▶ [PROBLEM STATEMENT]: In the records that follow, count each line where the string "height" occurs. Provide the total and no other text.

▶ [DATA EXCERPTS]:
- - - - - - -

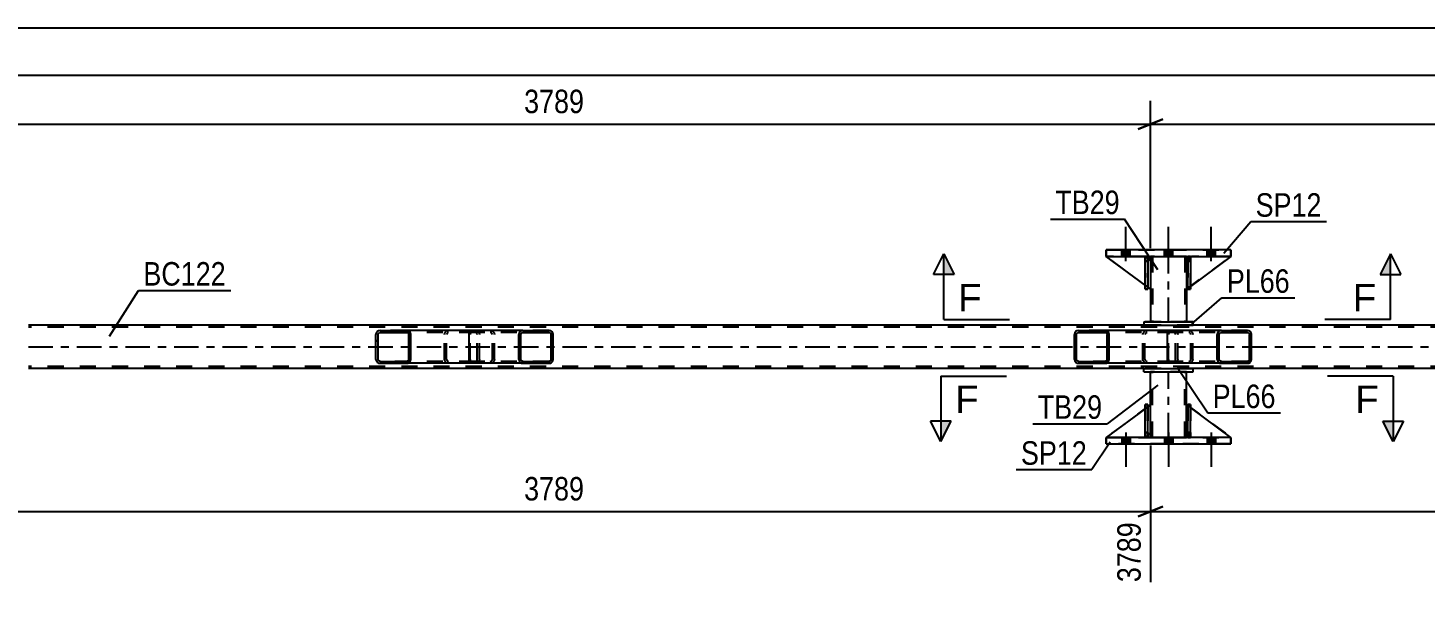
# Model space of a CAD drawing. Header units: millimetres. Extents: x 0 to 841, y 0 to 594.
# Drawn here: x 95.9 to 266.2, y 198.2 to 268.2 of the extents above; entities that cross this region are included whole.
import ezdxf

# ---------------------------------------------------------------- set-up
doc = ezdxf.new("R2010")
doc.units = ezdxf.units.MM
doc.linetypes.add('DXK_LINE_DOT2', pattern=[3.9198, 1.9599, -1.9599])
doc.linetypes.add('DXK_LINE_DOT3', pattern=[5.9187, 2.979, -0.9799, 0.9799, -0.9799])
doc.styles.add('Arial', font='ARIAL.TTF', dxfattribs={"height": 0.2})
doc.styles.add('Arial Narrow', font='ARIALN.TTF', dxfattribs={"height": 0.2})

# ---------------------------------------------------------------- blocks, each defined once
blk = doc.blocks.new('Part-272366397-2436 - 2415')
at = {"color": 2, "linetype": 'Continuous'}
for p, q in [((231.94, 231.92), (95.95, 231.92)), ((487.35, 231.92), (237.94, 231.92)), ((231.94, 226.64), (95.95, 226.64)), ((754.86, 226.64), (237.94, 226.64))]:
    blk.add_line(p, q, dxfattribs=at)
at = {"color": 7, "linetype": 'DXK_LINE_DOT2'}
for p, q in [((754.86, 231.68), (95.95, 231.68)), ((237.94, 231.92), (231.94, 231.92)), ((754.86, 226.88), (95.95, 226.88)), ((237.94, 226.64), (231.94, 226.64))]:
    blk.add_line(p, q, dxfattribs=at)
at = {"color": 7, "linetype": 'DXK_LINE_DOT3'}
blk.add_line((95.95, 229.28), (754.86, 229.28), dxfattribs=at)
blk = doc.blocks.new('Part-272366397-2562 - 2415')
at = {"linetype": 'Continuous'}
h = blk.add_hatch(dxfattribs=at)
h.set_pattern_fill('', scale=0.7, style=0, pattern_type=0)
h.set_pattern_definition([(45, (245.014, 230.9796), (-1.57154, 1.57154), [])])
h.paths.add_polyline_path([(245.05, 230.8), (245.01, 230.98), (244.9, 231.14), (244.74, 231.24), (244.55, 231.28), (241.37, 231.28), (241.17, 231.24), (241.01, 231.14), (240.9, 230.98), (240.86, 230.8), (240.86, 227.76), (240.9, 227.57), (241.01, 227.42), (241.17, 227.31), (241.37, 227.28), (244.55, 227.28), (244.74, 227.31), (244.9, 227.42), (245.01, 227.57), (245.05, 227.76)])
h.paths.add_polyline_path([(244.78, 227.66), (244.73, 227.59), (244.65, 227.53), (244.55, 227.52), (241.37, 227.52), (241.27, 227.53), (241.19, 227.59), (241.13, 227.66), (241.11, 227.76), (241.11, 230.8), (241.13, 230.89), (241.19, 230.97), (241.27, 231.02), (241.37, 231.04), (244.55, 231.04), (244.65, 231.02), (244.73, 230.97), (244.78, 230.89), (244.8, 230.8), (244.8, 227.76)])
at = {"color": 2, "linetype": 'Continuous'}
for p, q in [((234.79, 230.8), (234.81, 230.98)), ((234.79, 227.76), (234.79, 230.8)), ((234.81, 230.98), (234.87, 231.14)), ((234.87, 231.14), (234.96, 231.24)), ((234.96, 231.24), (235.06, 231.28)), ((241.37, 231.28), (235.06, 231.28)), ((240.9, 230.98), (240.86, 230.8)), ((240.86, 227.76), (240.86, 230.8)), ((241.11, 230.8), (241.13, 230.89)), ((241.11, 227.76), (241.11, 230.8)), ((241.13, 230.89), (241.19, 230.97)), ((241.37, 231.28), (241.17, 231.24)), ((241.19, 230.97), (241.27, 231.02)), ((241.27, 231.02), (241.37, 231.04)), ((241.37, 231.28), (244.55, 231.28)), ((241.37, 231.04), (244.55, 231.04)), ((244.74, 231.24), (244.55, 231.28)), ((244.55, 231.04), (244.65, 231.02)), ((244.65, 231.02), (244.73, 230.97)), ((244.73, 230.97), (244.78, 230.89)), ((244.78, 230.89), (244.8, 230.8)), ((244.8, 227.76), (244.8, 230.8)), ((245.05, 230.8), (245.01, 230.98)), ((245.05, 227.76), (245.05, 230.8)), ((234.81, 227.57), (234.79, 227.76)), ((234.87, 227.42), (234.81, 227.57)), ((234.96, 227.31), (234.87, 227.42)), ((235.06, 227.28), (234.96, 227.31)), ((241.37, 227.28), (235.06, 227.28)), ((240.86, 227.76), (240.9, 227.57)), ((241.13, 227.66), (241.11, 227.76)), ((241.19, 227.59), (241.13, 227.66)), ((241.17, 227.31), (241.37, 227.28)), ((241.27, 227.53), (241.19, 227.59)), ((241.37, 227.52), (241.27, 227.53)), ((241.37, 227.52), (244.55, 227.52)), ((241.37, 227.28), (244.55, 227.28)), ((244.65, 227.53), (244.55, 227.52)), ((244.55, 227.28), (244.74, 227.31)), ((244.73, 227.59), (244.65, 227.53)), ((244.78, 227.66), (244.73, 227.59)), ((244.8, 227.76), (244.78, 227.66)), ((245.01, 227.57), (245.05, 227.76))]:
    blk.add_line(p, q, dxfattribs=at)
at = {"color": 7, "linetype": 'DXK_LINE_DOT2'}
for p, q in [((234.94, 230.89), (234.93, 230.8)), ((234.93, 227.76), (234.93, 230.8)), ((234.97, 230.97), (234.94, 230.89)), ((235.01, 231.02), (234.97, 230.97)), ((235.06, 231.04), (235.01, 231.02)), ((244.55, 231.04), (235.06, 231.04)), ((236.06, 231.04), (236.06, 231.28)), ((237.4, 231.28), (237.59, 231.24)), ((237.5, 231.02), (237.4, 231.04)), ((237.58, 230.97), (237.5, 231.02)), ((237.63, 230.89), (237.58, 230.97)), ((237.65, 230.8), (237.63, 230.89)), ((237.65, 227.76), (237.65, 230.8)), ((237.86, 230.98), (237.9, 230.8)), ((237.9, 227.76), (237.9, 230.8)), ((244.55, 231.28), (241.37, 231.28)), ((234.93, 227.76), (234.94, 227.66)), ((234.94, 227.66), (234.97, 227.59)), ((234.97, 227.59), (235.01, 227.53)), ((235.01, 227.53), (235.06, 227.52)), ((244.55, 227.52), (235.06, 227.52)), ((237.4, 227.28), (235.06, 227.28)), ((236.06, 227.28), (236.06, 227.52)), ((237.4, 227.52), (237.5, 227.53)), ((237.59, 227.31), (237.4, 227.28)), ((237.5, 227.53), (237.58, 227.59)), ((237.58, 227.59), (237.63, 227.66)), ((237.63, 227.66), (237.65, 227.76)), ((237.9, 227.76), (237.86, 227.57)), ((244.55, 227.28), (241.37, 227.28))]:
    blk.add_line(p, q, dxfattribs=at)
for centre, start, end in [((237.41, 230.78), 23.8494, 68.8059), ((237.41, 227.77), 291.1941, 336.1506)]:
    blk.add_arc(centre, 0.492, start, end, dxfattribs=at)
at = {"color": 2, "linetype": 'Continuous'}
for centre, start, end in [((241.35, 230.78), 111.1941, 156.1506), ((244.56, 230.78), 23.8494, 68.8059), ((241.35, 227.77), 203.8494, 248.8059), ((244.56, 227.77), 291.1941, 336.1506)]:
    blk.add_arc(centre, 0.492, start, end, dxfattribs=at)
blk = doc.blocks.new('Part-272366397-2653 - 2415')
at = {"color": 7, "linetype": 'DXK_LINE_DOT2'}
for p, q in [((237.59, 222.24), (237.27, 222.24)), ((237.27, 218.84), (237.27, 222.24)), ((237.27, 218.24), (237.27, 222.24)), ((237.59, 222.24), (237.59, 218.84)), ((237.59, 218.24), (237.59, 222.24)), ((237.59, 218.84), (237.27, 218.84)), ((237.27, 218.24), (237.27, 218.84)), ((237.59, 218.24), (237.27, 218.24)), ((237.59, 218.84), (237.59, 218.24)), ((237.59, 218.24), (237.59, 218.24))]:
    blk.add_line(p, q, dxfattribs=at)
blk = doc.blocks.new('Bolt-272366397-2452 - 2415')
at = {"linetype": 'Continuous'}
for points in [[(230.26, 218.24), (229.22, 218.24), (229.22, 217.44), (230.26, 217.44)], [(230.26, 218.24), (229.22, 218.24), (229.22, 217.44), (230.26, 217.44)], [(230.26, 218.24), (229.22, 218.24), (229.22, 217.44), (230.26, 217.44)], [(235.46, 218.24), (234.42, 218.24), (234.42, 217.44), (235.46, 217.44)], [(235.46, 218.24), (234.42, 218.24), (234.42, 217.44), (235.46, 217.44)], [(240.66, 218.24), (239.62, 218.24), (239.62, 217.44), (240.66, 217.44)], [(240.66, 218.24), (239.62, 218.24), (239.62, 217.44), (240.66, 217.44)], [(240.66, 218.24), (239.62, 218.24), (239.62, 217.44), (240.66, 217.44)]]:
    blk.add_hatch(color=1, dxfattribs=at).paths.add_polyline_path(points)
at = {"color": 1, "linetype": 'Continuous'}
for p, q in [((229.22, 218.24), (229.22, 217.44)), ((229.22, 218.24), (229.22, 217.44)), ((229.22, 218.24), (229.22, 217.44)), ((229.74, 218.84), (229.74, 214.64)), ((229.74, 218.84), (229.74, 214.64)), ((229.74, 218.84), (229.74, 214.64)), ((230.26, 218.24), (230.26, 217.44)), ((230.26, 218.24), (230.26, 217.44)), ((230.26, 218.24), (230.26, 217.44)), ((234.42, 218.24), (234.42, 217.44)), ((234.42, 218.24), (234.42, 217.44)), ((234.94, 218.84), (234.94, 214.64)), ((234.94, 218.84), (234.94, 214.64)), ((235.46, 218.24), (235.46, 217.44)), ((235.46, 218.24), (235.46, 217.44)), ((239.62, 218.24), (239.62, 217.44)), ((239.62, 218.24), (239.62, 217.44)), ((239.62, 218.24), (239.62, 217.44)), ((240.14, 218.84), (240.14, 214.64)), ((240.14, 218.84), (240.14, 214.64)), ((240.14, 218.84), (240.14, 214.64)), ((240.66, 218.24), (240.66, 217.44)), ((240.66, 218.24), (240.66, 217.44)), ((240.66, 218.24), (240.66, 217.44))]:
    blk.add_line(p, q, dxfattribs=at)
blk = doc.blocks.new('Bolt-272366397-2453 - 2415')
at = {"linetype": 'Continuous'}
for points in [[(229.22, 240.32), (230.26, 240.32), (230.26, 241.12), (229.22, 241.12)], [(229.22, 240.32), (230.26, 240.32), (230.26, 241.12), (229.22, 241.12)], [(229.22, 240.32), (230.26, 240.32), (230.26, 241.12), (229.22, 241.12)], [(234.42, 240.32), (235.46, 240.32), (235.46, 241.12), (234.42, 241.12)], [(234.42, 240.32), (235.46, 240.32), (235.46, 241.12), (234.42, 241.12)], [(239.62, 240.32), (240.66, 240.32), (240.66, 241.12), (239.62, 241.12)], [(239.62, 240.32), (240.66, 240.32), (240.66, 241.12), (239.62, 241.12)], [(239.62, 240.32), (240.66, 240.32), (240.66, 241.12), (239.62, 241.12)]]:
    blk.add_hatch(color=1, dxfattribs=at).paths.add_polyline_path(points)
at = {"color": 1, "linetype": 'Continuous'}
for p, q in [((229.74, 239.72), (229.74, 243.92)), ((229.74, 239.72), (229.74, 243.92)), ((229.74, 239.72), (229.74, 243.92)), ((234.94, 239.72), (234.94, 243.92)), ((234.94, 239.72), (234.94, 243.92)), ((240.14, 239.72), (240.14, 243.92)), ((240.14, 239.72), (240.14, 243.92)), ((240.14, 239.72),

- - - - - - -

▶ [SOLUTION TO THIS PROBLEM]: 2